第23話 決戦前夜
いよいよ夏の北海道大会決勝。
夏の甲子園初出場初優勝をした5年ぶりの甲子園まであと1つとなった。
準決勝第2試合は苫小牧日大vs札幌福祉大
試合は序盤両校の打線が繋がり2-2と試合がなる
中盤以降、苫小牧日大は5回途中からエース橘を投入。札幌福祉大打線を翻弄させた。
苫小牧日大打線は7回に犠牲フライで得点を奪い
3-2で春夏連続で決勝進出を決めた。
試合後、函館大翔稜の選手たちは近くの銭湯でゆっくりと疲れを取った。
その頃監督室では首脳陣が集まっていた。
「いよいよですね。5年ぶりの決勝。ここまで準決勝止まりでしたから。」篠原部長が話を切り出した。

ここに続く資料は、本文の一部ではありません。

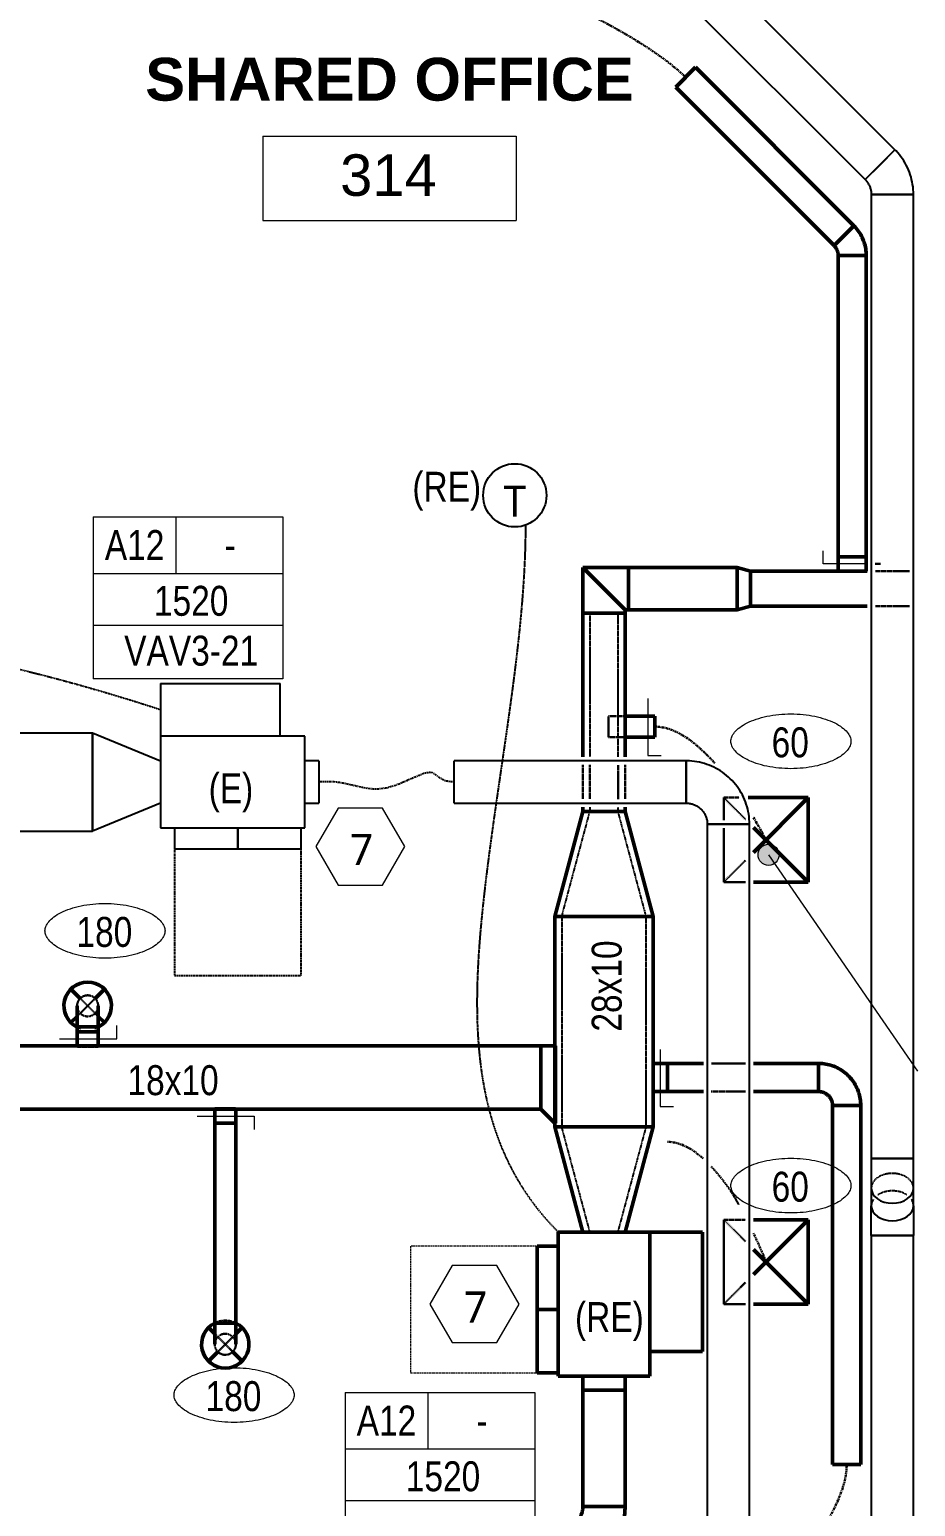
# Model space of a CAD drawing. Header units: inches. Extents: x 12453 to 15257, y -272 to 1517.
# Drawn here: x 13716 to 13967.9, y 744.3 to 1164.3 of the extents above; entities that cross this region are included whole.
import ezdxf

# ---------------------------------------------------------------- set-up
doc = ezdxf.new("R2010")
doc.units = ezdxf.units.IN
doc.header["$MEASUREMENT"] = 0
for name, pattern in [('_ Hidden  _below_ behind_ beyond_', [0.09375, 0.0625, -0.03125]), ('Center', [1.25, 0.25, -0.1875, 0.625, -0.1875]), ('Dash', [0.25, 0.125, -0.125]), ('Hidden 1_16_', [0.09375, 0.0625, -0.03125]), ('Hidden 1_32_', [0.0625, 0.03125, -0.03125])]:
    doc.linetypes.add(name, pattern=pattern)
for name, color, linetype, lineweight in [('A-ANNO-NOTE', 131, 'Continuous', 20), ('A-AREA-IDEN', 2, 'Continuous', 20), ('A-DETL', 90, 'Continuous', 9), ('A-DETL-DEMO', 6, 'Continuous', 18), ('G-ANNO-TEXT', 231, 'Continuous', 9), ('M-EQPM', 50, 'Continuous', 18), ('M-EQPM-HDLN', 50, 'Continuous', 18), ('M-EQPM-IDEN', 50, 'Continuous', 20), ('M-HVAC-CDFF', 50, 'Continuous', 50), ('M-HVAC-CDFF-IDEN', 2, 'Continuous', 20), ('M-HVAC-DUCT', 70, 'Continuous', 18), ('M-HVAC-DUCT-ANNO', 70, 'Continuous', 18), ('M-HVAC-DUCT-CNTR', 70, 'Continuous', 18), ('M-HVAC-DUCT-IDEN', 70, 'Continuous', 20)]:
    doc.layers.add(name, color=color, linetype=linetype, lineweight=lineweight)
doc.styles.add('Arial', font='arial.ttf', dxfattribs={"height": 11.802395})
doc.styles.add('Arial_B', font='arialbd.ttf', dxfattribs={"height": 12.177074})
doc.styles.add('Swis721 BT', font='swiss.ttf', dxfattribs={"width": 0.8, "height": 8.514638})
doc.styles.add('Trebuchet MS', font='trebuc.ttf', dxfattribs={"height": 8.861538})

# ---------------------------------------------------------------- blocks, each defined once
blk = doc.blocks.new('Round Elbow - 1 D-307647-3RD FLOOR PLAN - NEW')
at = {"layer": 'M-HVAC-DUCT', "lineweight": 25}
for p, q in [((-4.97, 0), (-4.97, 6)), ((-0.73, 7.76), (3.51, 3.51)), ((3.51, 3.51), (7.76, -0.73)), ((-4.97, -6), (-4.97, 0))]:
    blk.add_line(p, q, dxfattribs=at)
at = {"layer": 'M-HVAC-DUCT', "lineweight": 25, "flags": 128}
for points in [[(-0.73, 7.76), (-0.9, 7.59), (-1.08, 7.43), (-1.27, 7.28), (-1.46, 7.14), (-1.66, 7), (-1.86, 6.87), (-2.07, 6.75), (-2.28, 6.64), (-2.49, 6.53), (-2.71, 6.44), (-2.94, 6.35), (-3.17, 6.28), (-3.4, 6.21), (-3.63, 6.15), (-3.86, 6.1), (-4.1, 6.06), (-4.34, 6.03), (-4.58, 6.01), (-4.82, 6), (-4.97, 6)], [(-4.97, -6), (-4.25, -5.99), (-3.53, -5.94), (-2.82, -5.87), (-2.1, -5.77), (-1.39, -5.64), (-0.69, -5.48), (0, -5.3), (0.69, -5.09), (1.37, -4.85), (2.04, -4.58), (2.7, -4.29), (3.34, -3.97), (3.97, -3.62), (4.59, -3.25), (5.19, -2.86), (5.78, -2.44), (6.35, -2), (6.9, -1.53), (7.43, -1.05), (7.76, -0.73)]]:
    blk.add_lwpolyline(points, dxfattribs=at)
blk = doc.blocks.new('Round Elbow - 1 D-V129-3RD FLOOR PLAN - NEW')
at = {"layer": 'M-HVAC-DUCT', "lineweight": 25}
for p, q in [((13955.3, 843.28), (13961.3, 843.28)), ((13961.3, 843.28), (13967.3, 843.28))]:
    blk.add_line(p, q, dxfattribs=at)
at = {"layer": 'M-HVAC-DUCT', "lineweight": 25, "flags": 128}
for points in [[(13955.3, 843.28), (13955.3, 842.8), (13955.3, 842.32), (13955.3, 841.85), (13955.3, 841.37), (13955.3, 840.9), (13955.3, 840.43), (13955.3, 839.97), (13955.3, 839.51), (13955.3, 839.06), (13955.3, 838.61), (13955.3, 838.17), (13955.3, 837.74), (13955.3, 837.32), (13955.3, 836.91), (13955.3, 836.51), (13955.3, 836.12), (13955.3, 835.74), (13955.3, 835.37), (13955.3, 835.02), (13955.3, 834.8)], [(13967.3, 834.8), (13967.3, 835.14), (13967.3, 835.5), (13967.3, 835.87), (13967.3, 836.26), (13967.3, 836.65), (13967.3, 837.06), (13967.3, 837.47), (13967.3, 837.9), (13967.3, 838.33), (13967.3, 838.77), (13967.3, 839.22), (13967.3, 839.67), (13967.3, 840.14), (13967.3, 840.6), (13967.3, 841.07), (13967.3, 841.54), (13967.3, 842.02), (13967.3, 842.5), (13967.3, 842.98), (13967.3, 843.28)]]:
    blk.add_lwpolyline(points, dxfattribs=at)
at = {"layer": 'M-HVAC-DUCT', "lineweight": 25}
for start_param, end_param in [(3.141593, 4.712389), (4.712389, 6.283185)]:
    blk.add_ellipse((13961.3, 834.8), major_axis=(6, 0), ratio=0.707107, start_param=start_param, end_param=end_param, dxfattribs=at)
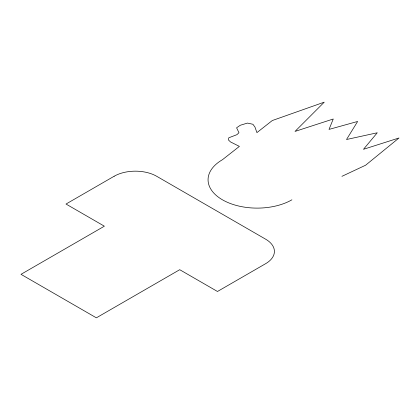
<?xml version="1.0" encoding="UTF-8"?>
<svg xmlns="http://www.w3.org/2000/svg" width="420" height="420" viewBox="0 0 420 420"><rect width="100%" height="100%" fill="white"/><g stroke="black" fill="none" stroke-linecap="round" stroke-linejoin="round"><path stroke-width="0.63" d="M341.927 176.332L365.6 165.223L399 137.981L363.479 149.305L377.26 132.778L346.51 139.514L357.646 121.454L329.018 129.412L333.254 119.002L295.019 131.418L324.24 102.17L272.286 120.535L256.925 132.61L254.94 127.013L252.898 124.267L247.464 123.086L240.329 125.244L236.591 127.796L238.97 132.699L236.933 134.662L228.779 137.797L228.438 139.954L230.48 141.918L239.39 146.396L222.448 159.71A49.114 28.355 0 0 0 222.448 199.81A49.114 28.355 0 0 0 291.905 199.81M114.14 176.248L66.008 204.041L104.37 226.191L21 274.323L96.359 317.83L179.728 269.698L217.471 291.485L265.608 263.697A30.046 17.346 0 0 0 265.608 239.164L156.629 176.248A30.046 17.346 0 0 0 114.14 176.248"/></g></svg>

「ここまで3投手が中心に寺尾も投げてきました。エース不在の中、平田が好投してくれたのは大きかった。しかし、明日は3年生にとってラストの北海道大会。先発は迷いどころなのでわ」遠藤コーチは大柳監督に問いかけた。
「ここまで絶対的エースがいない中投手陣が引っ張ってきてくれた。打線の組み替えも頭に入れなければいけない中、各選手たちが一生懸命頑張ってくれた。これは新チーム成り立ての頃に比べると断然に成長した証。特に3年生は個々の引っ張る姿勢が出てきました。明日は必ず勝ちに行きます。」と述べた。
夜のミーティング。
「ここまで来れたのは奇跡でもない。実力だ。
好投手相手に散々にされているが、夏の大会は勝ちが全て。明日の苫小牧日大は強豪だ。エース橘、原田の2枚どちらで来るかは想像は出来ない。どちらにせよ、攻略はある。9イニング目まで諦めないで挑戦者の気持ちで挑もう!」と大柳監督は選手たちに声をかけた。
また、「明日の先発だが、黒田。お前で行く。1イニングでも多く投げる事を頭に入れて投げてくれ。他の投手陣はいつでも行けるように準備をしておくように。また、大楽!お前も投げる準備をしておけ。場合によっては1人あるいは1イニング試し投げいくぞ!」会場は騒然たした。
しかし、夏の甲子園に行ければエースが戻ってくる事は目に見えている。
実戦から遠ざかっている中、少し実践感覚を取り戻そうという考えなのだ。
ミーティング後選手たちは素振りなどし調整した。
また、バッテリーは城の部屋で最終打ち合わせを行っていた。
「明日頭から全力で投げ込んでこいよ。」城は黒田に声をかけた。
決戦当日。
朝9:00にグランドを借り、バッティング練習を中心に調整。
11:30決戦の札幌球場に到着。
13:00開始の試合に向けて両軍準備を行なう。
12:30頃、両校の生徒がスタンド入りした。
シートノックを開始し、まず、後攻の函館大翔稜がグランドに散る。
「お待たせいたしました。本日の北海道大会決勝戦・・・」
スタンドからは大声援が飛び交う。
スタメンは以下の通りだ。
1 和田 三 6 1年
2 城 捕 2 3年
3 小柳 中 8 2年
4 寺尾 左 7 3年
5 須田 一 5 3年
6 秋山 右 9 2年
7 宮迫 遊 16 3年
8 黒田 投 10 3年
9 渡部 二 4 2年
駒澤を外し、スタメンに3年宮迫を起用した大柳監督。
守備には定評があり、打撃面でも存在感を出していきたいところだ。
一方苫小牧日大は
1 福田 三 5 3年
2 大澤 中 8 3年
3 山田健 捕 2 3年
4 山田大 左 7 3年
5 田山 一 3 2年
6 山崎 遊 6 2年
7 久本 右 17 3年
8 橘 投 1 3年
9 西野 二 4 3年
初戦から変わらないオーダーだ。
しかし、3番4番の山田コンビはパワーがあり各2本ずつホームランを放っている。
グランドには水が撒かれた。
試合開始までまもなくだ。
緊迫な状況と独特な空気が試合前の球場を包む。
両軍スタメンを発表。
苫小牧日大はエース橘を先発起用。
函館大翔稜はスタメンを少し変えてきた。
泣いても笑っても夏の北海道大会ラストの1戦。